I recently stumbled across www.iweathernet.com while looking for some weather-related resource that records recent rainfall amounts. This site does this. It records total rainfall for the last 24 hours up to 72 hours using a high-resolution map and doppler technology. You can drill down to your exact yard.

This appears to be a great tool but does anyone have a different experience/opinion?

https://www.iweathernet.com/total-rainfall-map-24-hours-to-72-hours


----------



## Jeff_MI84 (Sep 28, 2020)

I have use this website for the past year. It seems fairly accurate for me.


----------



## mowww (Jan 16, 2018)

I have used it for a few years and found it to be pretty accurate in a few different geographies. Big fan.


----------



## Jeff_MI84 (Sep 28, 2020)

mowww said:


> I have used it for a few years and found it to be pretty accurate in a few different geographies. Big fan.


Plus it is cool how you can compare rainfall in different neighborhoods. My parents live 2 miles down the road, and sometimes they get rain and I don't.


----------



## Mightyquinn (Jan 31, 2017)

Why not buy a rain gauge or a PWS ( Personal Weather Station)? Then you know exactly how much rain you got!


----------



## Jeff_MI84 (Sep 28, 2020)

Mightyquinn said:


> Why not buy a rain gauge or a PWS ( Personal Weather Station)? Then you know exactly how much rain you got!

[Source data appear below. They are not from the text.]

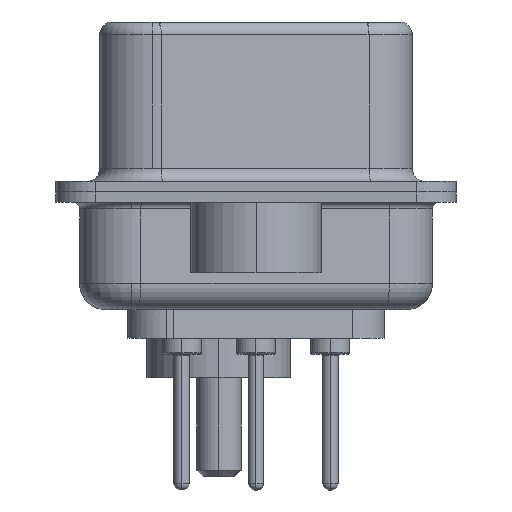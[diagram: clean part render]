
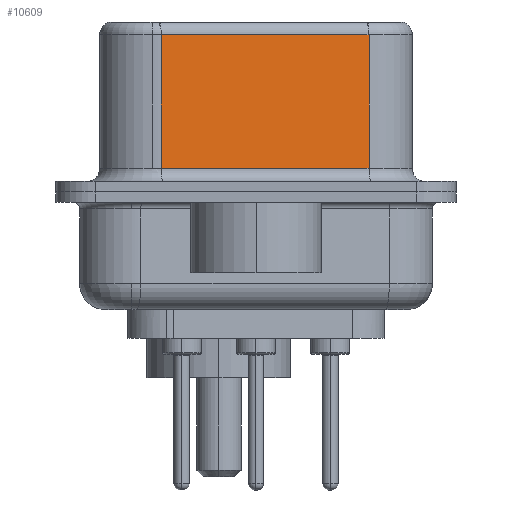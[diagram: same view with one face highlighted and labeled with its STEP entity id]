
A CAD part, left-side view. The second image highlights one B-rep face of the part: STEP entity #10609.
In plain terms, the highlighted planar face has unit normal (-0.985, -0.174, 0).
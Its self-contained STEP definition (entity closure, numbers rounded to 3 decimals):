
#121 = VERTEX_POINT ( 'NONE', #18044 ) ;
#881 = VERTEX_POINT ( 'NONE', #16327 ) ;
#1024 = CARTESIAN_POINT ( 'NONE',  ( 5.132, -4.322, 6.52 ) ) ;
#2129 = LINE ( 'NONE', #6889, #6386 ) ;
#2449 = DIRECTION ( 'NONE',  ( 0., 0., -1. ) ) ;
#2544 = FACE_OUTER_BOUND ( 'NONE', #6379, .T. ) ;
#3547 = ORIENTED_EDGE ( 'NONE', *, *, #16544, .T. ) ;
#4897 = DIRECTION ( 'NONE',  ( -0.174, 0.985, 0. ) ) ;
#6035 = DIRECTION ( 'NONE',  ( 0., 0., -1. ) ) ;
#6117 = ORIENTED_EDGE ( 'NONE', *, *, #16398, .F. ) ;
#6224 = CARTESIAN_POINT ( 'NONE',  ( 3.73, 3.628, 6.52 ) ) ;
#6379 = EDGE_LOOP ( 'NONE', ( #6117, #3547, #18830, #26550 ) ) ;
#6386 = VECTOR ( 'NONE', #2449, 1000. ) ;
#6889 = CARTESIAN_POINT ( 'NONE',  ( 5.132, -4.322, 6.52 ) ) ;
#7111 = CARTESIAN_POINT ( 'NONE',  ( 5.132, -4.322, 0.9 ) ) ;
#9098 = AXIS2_PLACEMENT_3D ( 'NONE', #1024, #19196, #16878 ) ;
#9571 = LINE ( 'NONE', #25467, #29165 ) ;
#10362 = VECTOR ( 'NONE', #27604, 1000. ) ;
#10609 = ADVANCED_FACE ( 'NONE', ( #2544 ), #24174, .F. ) ;
#13639 = CARTESIAN_POINT ( 'NONE',  ( 5.132, -4.322, 0.9 ) ) ;
#14630 = LINE ( 'NONE', #7111, #10362 ) ;
#16327 = CARTESIAN_POINT ( 'NONE',  ( 3.73, 3.628, 0.9 ) ) ;
#16398 = EDGE_CURVE ( 'NONE', #25261, #16458, #2129, .T. ) ;
#16458 = VERTEX_POINT ( 'NONE', #13639 ) ;
#16544 = EDGE_CURVE ( 'NONE', #25261, #121, #9571, .T. ) ;
#16878 = DIRECTION ( 'NONE',  ( -0.174, 0.985, 0. ) ) ;
#18044 = CARTESIAN_POINT ( 'NONE',  ( 3.73, 3.628, 6.02 ) ) ;
#18830 = ORIENTED_EDGE ( 'NONE', *, *, #26995, .T. ) ;
#19196 = DIRECTION ( 'NONE',  ( 0.985, 0.174, 0. ) ) ;
#22945 = VECTOR ( 'NONE', #6035, 1000. ) ;
#24174 = PLANE ( 'NONE',  #9098 ) ;
#24902 = CARTESIAN_POINT ( 'NONE',  ( 5.132, -4.322, 6.02 ) ) ;
#25261 = VERTEX_POINT ( 'NONE', #24902 ) ;
#25467 = CARTESIAN_POINT ( 'NONE',  ( 5.132, -4.322, 6.02 ) ) ;
#26550 = ORIENTED_EDGE ( 'NONE', *, *, #29082, .T. ) ;
#26995 = EDGE_CURVE ( 'NONE', #121, #881, #29003, .T. ) ;
#27604 = DIRECTION ( 'NONE',  ( 0.174, -0.985, 0. ) ) ;
#29003 = LINE ( 'NONE', #6224, #22945 ) ;
#29082 = EDGE_CURVE ( 'NONE', #881, #16458, #14630, .T. ) ;
#29165 = VECTOR ( 'NONE', #4897, 1000. ) ;

I have thought about buying one of those. Are they pretty much 100% accurate?


----------



## Mightyquinn (Jan 31, 2017)

A standard cheap rain gauge is accurate but when you get into PWS's, you get what you pay for. I know the Davis ones are pretty accurate as that is what I have, they are worth the money.


----------



## Smurfe (Jun 23, 2021)

I have an Ambient Weather WS 2902 weather station that I have had for 3 years or so that is accurate and pretty full-featured.


----------



## Monocot Master (Feb 28, 2021)

I have no experience with iweathernet, but I use the NOAA site for rainfall estimates that is in my thread below

https://thelawnforum.com/viewtopic.php?f=3&t=29250


----------



## Ware (Jan 28, 2017)

+1 on a PWS - one of the best purchases I've made.


----------